In order to transmit a 10x10 monochromatic image with 2 values ("on" or "off") it would require a matrix that has 10x10 = 100 entries. Consider the following image.

This image can be represented by the following matrix.
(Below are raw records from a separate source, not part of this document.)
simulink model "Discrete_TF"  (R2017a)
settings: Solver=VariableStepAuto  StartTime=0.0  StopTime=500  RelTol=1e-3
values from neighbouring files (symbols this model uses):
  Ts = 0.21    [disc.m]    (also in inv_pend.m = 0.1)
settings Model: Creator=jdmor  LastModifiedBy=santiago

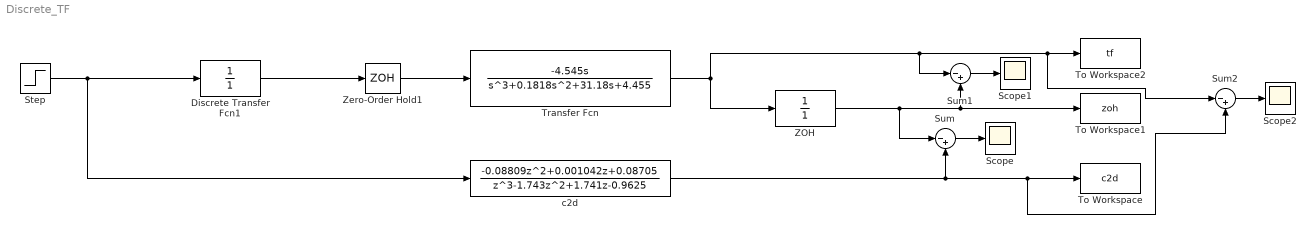
== system Discrete_TF ==
  Discrete Transfer Fcn1 : DiscreteTransferFcn  Denominator=[1]  SampleTime=Ts
  Scope : Scope
  Scope1 : Scope
  Scope2 : Scope
  Step : Step  SampleTime=0
  Sum : Sum  Inputs=|-+
  Sum1 : Sum  Inputs=|-+
  Sum2 : Sum  Inputs=|-+
  To Workspace : ToWorkspace  VariableName=c2d  SaveFormat=Timeseries  SampleTime=-1
  To Workspace1 : ToWorkspace  VariableName=zoh  SaveFormat=Timeseries  SampleTime=-1
  To Workspace2 : ToWorkspace  VariableName=tf  SaveFormat=Timeseries  SampleTime=-1
  Transfer Fcn : TransferFcn  Numerator=[-4.545 0]  Denominator=[1 0.1818 31.18 4.455]
  ZOH : DiscreteTransferFcn  Denominator=[1]  SampleTime=Ts
  Zero-Order Hold1 : ZeroOrderHold  SampleTime=Ts
  c2d : DiscreteTransferFcn  Numerator=[-0.08809 0.001042 0.08705]  Denominator=[1 -1.743 1.741 -0.9625]  SampleTime=Ts
  wires:
  Discrete Transfer Fcn1/1 -> Zero-Order Hold1/1
  Zero-Order Hold1/1 -> Transfer Fcn/1
  ZOH/1 -> Sum/1, Sum1/2, To Workspace1/1
  Step/1 -> c2d/1, Discrete Transfer Fcn1/1
  Sum/1 -> Scope/1
  Sum1/1 -> Scope1/1
  c2d/1 -> Sum/2, Sum2/2, To Workspace/1
  Sum2/1 -> Scope2/1
  Transfer Fcn/1 -> Sum1/1, Sum2/1, To Workspace2/1, ZOH/1
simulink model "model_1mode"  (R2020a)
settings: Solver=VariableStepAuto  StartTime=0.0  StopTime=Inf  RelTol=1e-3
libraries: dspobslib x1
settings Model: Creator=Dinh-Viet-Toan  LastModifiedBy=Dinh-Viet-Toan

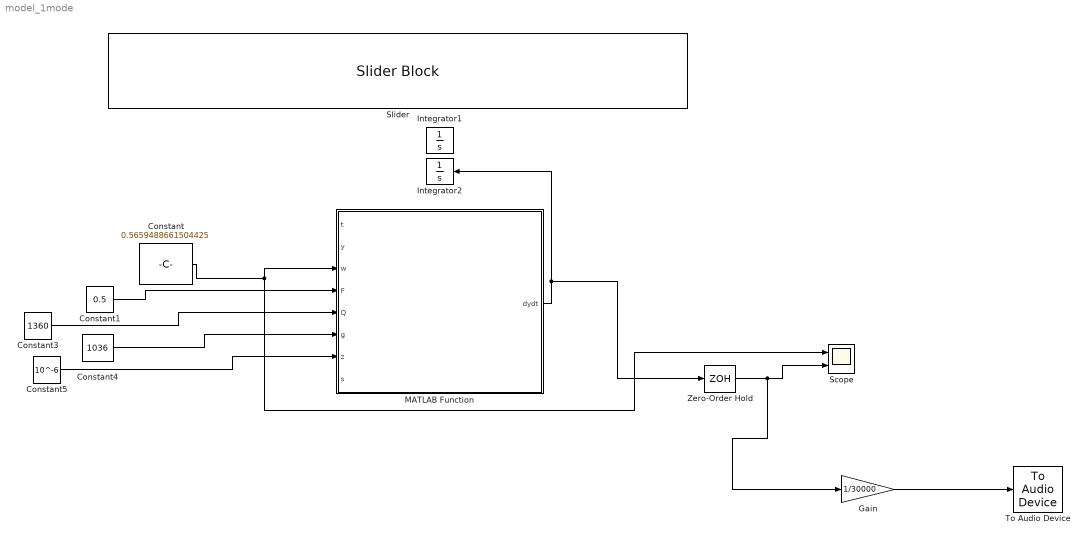
== system model_1mode ==
  Constant : Constant  Value=0.5659488661504425
  Constant1 : Constant  Value=0.5
  Constant3 : Constant  Value=1360
  Constant4 : Constant  Value=1036
  Constant5 : Constant  Value=10^-6
  Gain : Gain  Gain=1/30000
  Integrator1 : Integrator
  Integrator2 : Integrator  InitialCondition=0.01
  MATLAB Function : MATLAB Function  TreatAsAtomicUnit=on
  Scope : Scope  NumInputPorts=2
  Slider : SliderBlock  ScaleMin=0.001  ScaleMax=1
  To Audio Device : dspobslib/To Audio Device  deviceName=Default  inheritSampleRate=off  sampleRate=44100  deviceDatatype=Determine from input data type  autoBufferSize=on  bufferSize=4096  queueDuration=1.0  defaultOutputChannelMapping=on  outputChannelMapping=1:2  outputNumUnderrunSamples=off
      settings: SourceProductBaseCode=DS
  Zero-Order Hold : ZeroOrderHold  SampleTime=1/22050
  wires:
  Constant/1 -> Scope/1, MATLAB Function/3(w)
  Constant3/1 -> MATLAB Function/5(Q)
  Constant4/1 -> MATLAB Function/6(g)
  Constant5/1 -> MATLAB Function/7(z)
  Constant1/1 -> MATLAB Function/4(F)
  MATLAB Function/1(dydt) -> Integrator2/1, Zero-Order Hold/1
  Zero-Order Hold/1 -> Gain/1, Scope/2
  Gain/1 -> To Audio Device/1

== matlab function model_1mode/MATLAB Function ==
  data: t input; dydt output; y input; w input; F input; Q input; g input; z input; s input
function dydt = systdyn_1mode(t,y,w,F,Q,g,z,s)
dudt = (z*y(2)*(g - y(1)))/(s + (g - y(1))^2)^(1/4) - (z*y(2)*(y(1) - g + 1))/(s + (g - y(1))^2)^(1/4) + (z*y(2)*(g - y(1))^2*(y(1) - g + 1))/(2*(s + (g - y(1))^2)^(5/4));

% Ecriture vectorielle Y'=F(Y)
dydt = [y(2); -(w/Q)*y(2) - w^2*y(1) + F*dudt];
end

$M = \begin{bmatrix} 1 & 1 & 1 & 1 & 1 & 1 & 1 & 1 & 1 & 1\\ 1 & 1 & 1 & 1 & 1 & 1 & 1 & 1 & 1 & 1\\ 1 & 1 & 0 & 0 & 0 & 0 & 0 & 0 & 1 & 1\\ 1 & 1 & 0 & 0 & 0 & 0 & 0 & 0 & 1 & 1\\ 1 & 1 & 0 & 0 & 1 & 1 & 0 & 0 & 1 & 1\\ 1 & 1 & 0 & 0 & 1 & 1 & 0 & 0 & 1 & 1\\ 1 & 1 & 0 & 0 & 0 & 0 & 0 & 0 & 1 & 1\\ 1 & 1 & 0 & 0 & 0 & 0 & 0 & 0 & 1 & 1\\ 1 & 1 & 1 & 1 & 1 & 1 & 1 & 1 & 1 & 1\\ 1 & 1 & 1 & 1 & 1 & 1 & 1 & 1 & 1 & 1\end{bmatrix}$

The singular value decomposition of which is

$M = U\Sigma V^*,$

Where

$\Sigma = \begin{bmatrix} 7.557 & 0 & 0 & 0 & 0 & 0 & 0 & 0 & 0 & 0\\ 0 & 2.979 & 0 & 0 & 0 & 0 & 0 & 0 & 0 & 0\\ 0 & 0 & 1.422 & 0 & 0 & 0 & 0 & 0 & 0 & 0\\ 0 & 0 & 0 & 0 & 0 & 0 & 0 & 0 & 0 & 0\\ 0 & 0 & 0 & 0 & 0 & 0 & 0 & 0 & 0 & 0\\ 0 & 0 & 0 & 0 & 0 & 0 & 0 & 0 & 0 & 0\\ 0 & 0 & 0 & 0 & 0 & 0 & 0 & 0 & 0 & 0\\ 0 & 0 & 0 & 0 & 0 & 0 & 0 & 0 & 0 & 0\\ 0 & 0 & 0 & 0 & 0 & 0 & 0 & 0 & 0 & 0\\ 0 & 0 & 0 & 0 & 0 & 0 & 0 & 0 & 0 & 0\end{bmatrix}$

Using the matrix

$\Sigma_{sm} = \begin{bmatrix} 7.557 & 0 & 0\\ 0 & 2.979 & 0\\ 0 & 0 & 1.422\end{bmatrix}$

And corresponding "truncated" versions of U and V* (Use only the first three columns of U and the first three columns of V*), we can find that

$M_{sm}= \begin{bmatrix} 0.999 & 0.999 & 0.999 & 0.999 & 1.000 & 1.000 & 0.999 & 0.999 & 0.999 & 0.999\\ 0.999 & 0.999 & 0.999 & 0.999 & 1.000 & 1.000 & 0.999 & 0.999 & 0.999 & 0.999\\ 1.000 & 1.000 &-0.001 &-0.001 &-0.001 &-0.001 &-0.001 &-0.001 & 1.000 & 1.000\\ 1.000 & 1.000 &-0.001 &-0.001 &-0.001 &-0.001 &-0.001 &-0.001 & 1.000 & 1.000\\ 1.000 & 1.000 &-0.001 &-0.001 & 1.001 & 1.001 &-0.001 &-0.001 & 1.000 & 1.000\\ 1.000 & 1.000 &-0.001 &-0.001 & 1.001 & 1.001 &-0.001 &-0.001 & 1.000 & 1.000\\ 1.000 & 1.000 &-0.001 &-0.001 &-0.001 &-0.001 &-0.001 &-0.001 & 1.000 & 1.000\\ 1.000 & 1.000 &-0.001 &-0.001 &-0.001 &-0.001 &-0.001 &-0.001 & 1.000 & 1.000\\ 0.999 & 0.999 & 0.999 & 0.999 & 1.000 & 1.000 & 0.999 & 0.999 & 0.999 & 0.999\\ 0.999 & 0.999 & 0.999 & 0.999 & 1.000 & 1.000 & 0.999 & 0.999 & 0.999 & 0.999\end{bmatrix}$

A cursory examination of the previous matrix will show that M_{sm} is approximately equal to M. Note that the truncated version of U and V* use 3*10 numbers each. The total number of values needed for this type of storage is 2*30+3 = 63. Which means data usage is reduced by nearly half.